Kendi partisinden politikacılar tarafından da söylendiği gibi, -örneğin Senator Mitt Romney, “Burada bugün olanlar bir ayaklanmadır ve Başkan tarafından kışkırtılmıştır” dedi-, ABD başkanının tetiklediği Kongre baskınını, ABD Başkan yardımcısı ulusal muhafızları görevlendirerek bastırabildi.
"Azınlık"tan iki kişi daha seçildi
Birçok Amerikalı için hala inanılmaz gelen ve aslında ayak seslerini Trump taraftarlarının seçim sonuçlarının açıklanmasından sonra bastıkları eyalet parlamentolarıyla duyuran saldırı, Biden tarafından, “Amerikan demokrasisi ve hukukun üstünlüğünü hedef alan bir ayaklanma" olarak tanımlandı.

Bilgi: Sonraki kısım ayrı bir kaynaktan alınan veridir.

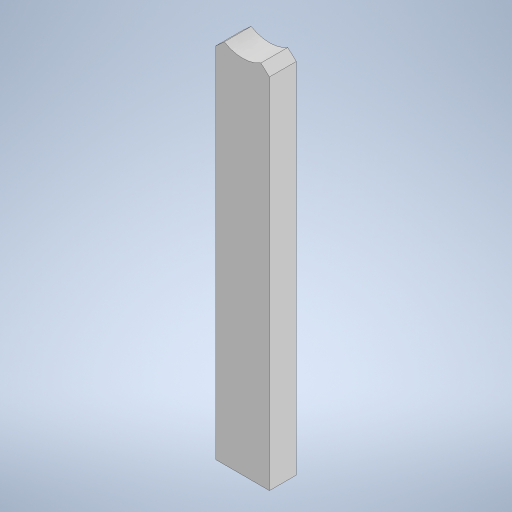
# Autodesk Inventor part: Brazo mdf
Saved by Autodesk Inventor 2023 (Build 270158000, 158)
## iProperties
Created: 2022-10-19
Part Number: Brazo mdf
Material: Generic
Document SubType Name: Modeling
Designer: User
Density: 1 g/cm^3
Appearance: Default
Author: User
Autodesk Inventor part; units mm, degrees
ref_plane "YZ Plane" through (0, 0, 0) normal (1, 0, 0) x (0, 1, 0)
ref_plane "XZ Plane" through (0, 0, 0) normal (0, 1, 0) x (-1, 0, 0)
ref_plane "XY Plane" through (0, 0, 0) normal (0, 0, 1) x (1, 0, 0)
sketch "Sketch2" plane through (0, 0, 0) normal (0, 0, 1) x (1, 0, 0)
  line L0 (-9.9263, 15.061) -> (-14.7098, 10.7077)
  line L1 (-14.7098, 10.7077) -> (-9.9263, 15.061)
  arc A0 (-9.9263, 15.061) -> (10.5068, 15.061) centre (0.2902, 32.2547) ccw
  arc A1 (-9.9263, 15.061) -> (10.5068, 15.061) centre (0.2902, 32.2547) ccw
  line L2 (15.2902, 10.7077) -> (10.5068, 15.061)
  line L3 (15.2902, 10.7077) -> (10.5068, 15.061)
  line L4 (-9.9263, 15.061) -> (10.5068, 15.061) construction
  line L5 (15.2902, 10.7077) -> (15.2902, -189.2923)
  line L6 (-14.7098, 10.7077) -> (-14.7098, -189.2923)
  line L7 (15.2902, -189.2923) -> (-14.7098, -189.2923)
  point P0 (0.741, 0.8123)
  point P1 (0.741, 0.8123)
  dimension "d3" = 137.695
  dimension "d4" = 95.39
  dimension "d5" = 4.3533
  dimension "d15" = 200
  dimension "d16" = 200
  constraints: 16 end point, 4 point on circle, 2 centre point, 2 collinear, 2 horizontal, 2 vertical, 1 coincident
  measures "d3" angle of L2 L4
  measures "d4" angle of L2 L0
  measures "d5" distance from line of L2.start L4
  measures "d15" distance of L2.start L5.end
  measures "d16" distance of L0.end L6.end
extrude "Extrusion1" add sketch "Sketch2" along normal blind 15
body "Solid1"
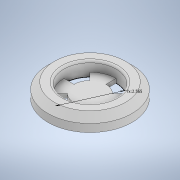
# Autodesk Inventor part: Dowel_Tube_Mount
Saved by Autodesk Inventor 2020 (Build 240168000, 168)
## iProperties
Created: 2020-03-07
Part Number: Dowel_Tube_Mount
Material: Generic
Document SubType Name: Modeling
Designer: antho
Density: 1 g/cm^3
Appearance: Default
Author: antho
Autodesk Inventor part; units mm, degrees
ref_plane "YZ Plane" through (0, 0, 0) normal (1, 0, 0) x (0, 1, 0)
ref_plane "XZ Plane" through (0, 0, 0) normal (0, 1, 0) x (-1, 0, 0)
ref_plane "XY Plane" through (0, 0, 0) normal (0, 0, 1) x (1, 0, 0)
sketch "Sketch1" plane through (0, 0, 0) normal (0, 1, 0) x (-1, 0, 0)
  circle A0 centre (0, 0) radius 12.825
  circle A1 centre (0, 0) radius 7.9375
  circle A2 centre (0, 0) radius 7.825
  circle A3 centre (0, 0) radius 20.6248
  dimension "TubeDiameter" = 25.65
  dimension "RodDiameter" = 15.875
  dimension "RodGuardDiameter" = 15.65
  dimension "HiltGuardDiameter" = 41.2496
  constraints: 4 centre point, 4 coincident
  measures "TubeDiameter" diameter of A0
  measures "RodDiameter" diameter of A1
  measures "RodGuardDiameter" diameter of A2
  measures "HiltGuardDiameter" diameter of A3
extrude "Tube&DowelMount" add sketch "Sketch1" along normal blind 5 contours A3
sketch "Sketch23" plane through (0, 0, 0) normal (0, -1, 0) x (1, 0, 0)
  circle A0 centre (0, 0) radius 20.6248
  line L0 (0, 0) -> (0, -20.6248)
  circle A1 centre (0, 0) radius 20.6248 projected
  circle A2 centre (0, 0) radius 7.825
  circle A3 centre (0, 0) radius 12.825
  line L1 (0, 0) -> (14.5839, -14.5839)
  line L2 (0, 0) -> (20.6248, 0)
  line L3 (0, 0) -> (14.5839, 14.5839)
  line L4 (0, 0) -> (0, 20.6248)
  line L5 (0, 0) -> (-14.5839, 14.5839)
  line L6 (0, 0) -> (-20.6248, 0)
  line L7 (0, 0) -> (-14.5839, -14.5839)
  point P0 (0, -12.825)
  point P1 (0, -7.825)
  point P2 (5.5331, -5.5331)
  point P3 (9.0686, -9.0686)
  point P4 (-9.0686, -9.0686)
  point P5 (-12.825, 0)
  point P6 (-7.825, 0)
  point P7 (-5.5331, -5.5331)
  point P8 (7.825, 0)
  point P9 (5.5331, 5.5331)
  point P10 (9.0686, 9.0686)
  point P11 (12.825, 0)
  point P12 (0, 7.825)
  point P13 (-5.5331, 5.5331)
  point P14 (-9.0686, 9.0686)
  point P15 (0, 12.825)
  dimension "d128" = 41.2496
  dimension "d129" = 15.65
  dimension "d130" = 25.65
  dimension "d133" = 360
  constraints: 16 end point, 3 centre point, 3 coincident, 1 vertical, 1 vertical alignment, 26 other
  measures "d128" diameter of A0
  measures "d129" diameter of A2
  measures "d130" diameter of A3
extrude "WireHole" add sketch "Sketch23" along normal blind 2 contours L2 A3 L3 A0 | A0 L1 A3 L2 | L3 A3 L4 A0 | A0 L0 A3 L1 | A3 L1 A2 L2 | L4 A3 L5 A0 | L3 A2 L4 A3 | A0 L7 A3 L0 | L2 L3 A2 | A2 L1 L2 | L5 A3 L6 A0 | L3 L4 A2 | A0 L6 A3 L7 | A3 L7 A2 L0 | A2 L0 L1 | L5 A2 L4 | L6 A2 L5 | L7 A2 L6 | L0 A2 L7 | L5 A2 L6 A3
sketch "Sketch25" plane through (0, -2, 0) normal (0, -1, 0) x (1, 0, 0)
  circle A0 centre (0, 0) radius 12.825
  dimension "d138" = 25.65
  constraints: 1 centre point, 1 coincident
  measures "d138" diameter of A0
chamfer "Chamfer4" distance 3.175 angle 45 1 edges at (20.6248, 5, 0)
fillet "Fillet2" radius 1 1 edges at (12.825, 5, 0)
equation "\"Clearance_1\" = 5"
body "Solid1"

Bütün bunlar devam ederken, Demokratlar Cumhuriyetçilerin kalesi olarak adlandırılan bir eyalette büyük bir seçim zaferine daha imza attılar.
Kongre’nin basıldığı saatlerde, uzun ırkçılık geçmişine sahip Georgia eyaletinde ilk kez bir siyah ve 33 yaşında bir Musevi, yani “azınlıktan” iki kişi, Kasım’da kimse yeterli oyu alamadığı için tekrarlanan seçimlerde Demokrat Parti’nin adayları olarak senatör seçildi.
Demokratlara Senato’da da çoğunluğu veren bu zafer açıklandığı sıralarda, Kongre binasının içinde temsilciler meclisi üyeleri ve senatörler barikatlar arkasında korunmaya çalışılıyor, konfederasyon bayrakları dalgalandırılıyor, önünde ırkçı faşist Klu Klux Klan simgesi darağacı bir kez daha kuruluyor, merdivenlerinde George Floyd boynuna basılarak temsili biçimde bir kez daha katlediliyordu.
Polis açıklamalarına göre, saldırganlar çıkarıldıktan sonra, aramalar sırasında binanın çeşitli yerlerinde birkaç boru bombası, molotof kokteyl gibi patlayıcılar bulundu.
Hiçbir şey net değil
ABD’de olayların bundan sonra alacağı yön henüz netleşmiş değil. Toplumun çeşitli kesimlerinden Trump’in yaptıklarının hesabını vermesi, derhal yüce divana sevk edilmesi, darbe girişiminden yargılanması, kongreyi basanların mahkemelerde terörizm suçundan yargılanması gibi talepler yükseliyor.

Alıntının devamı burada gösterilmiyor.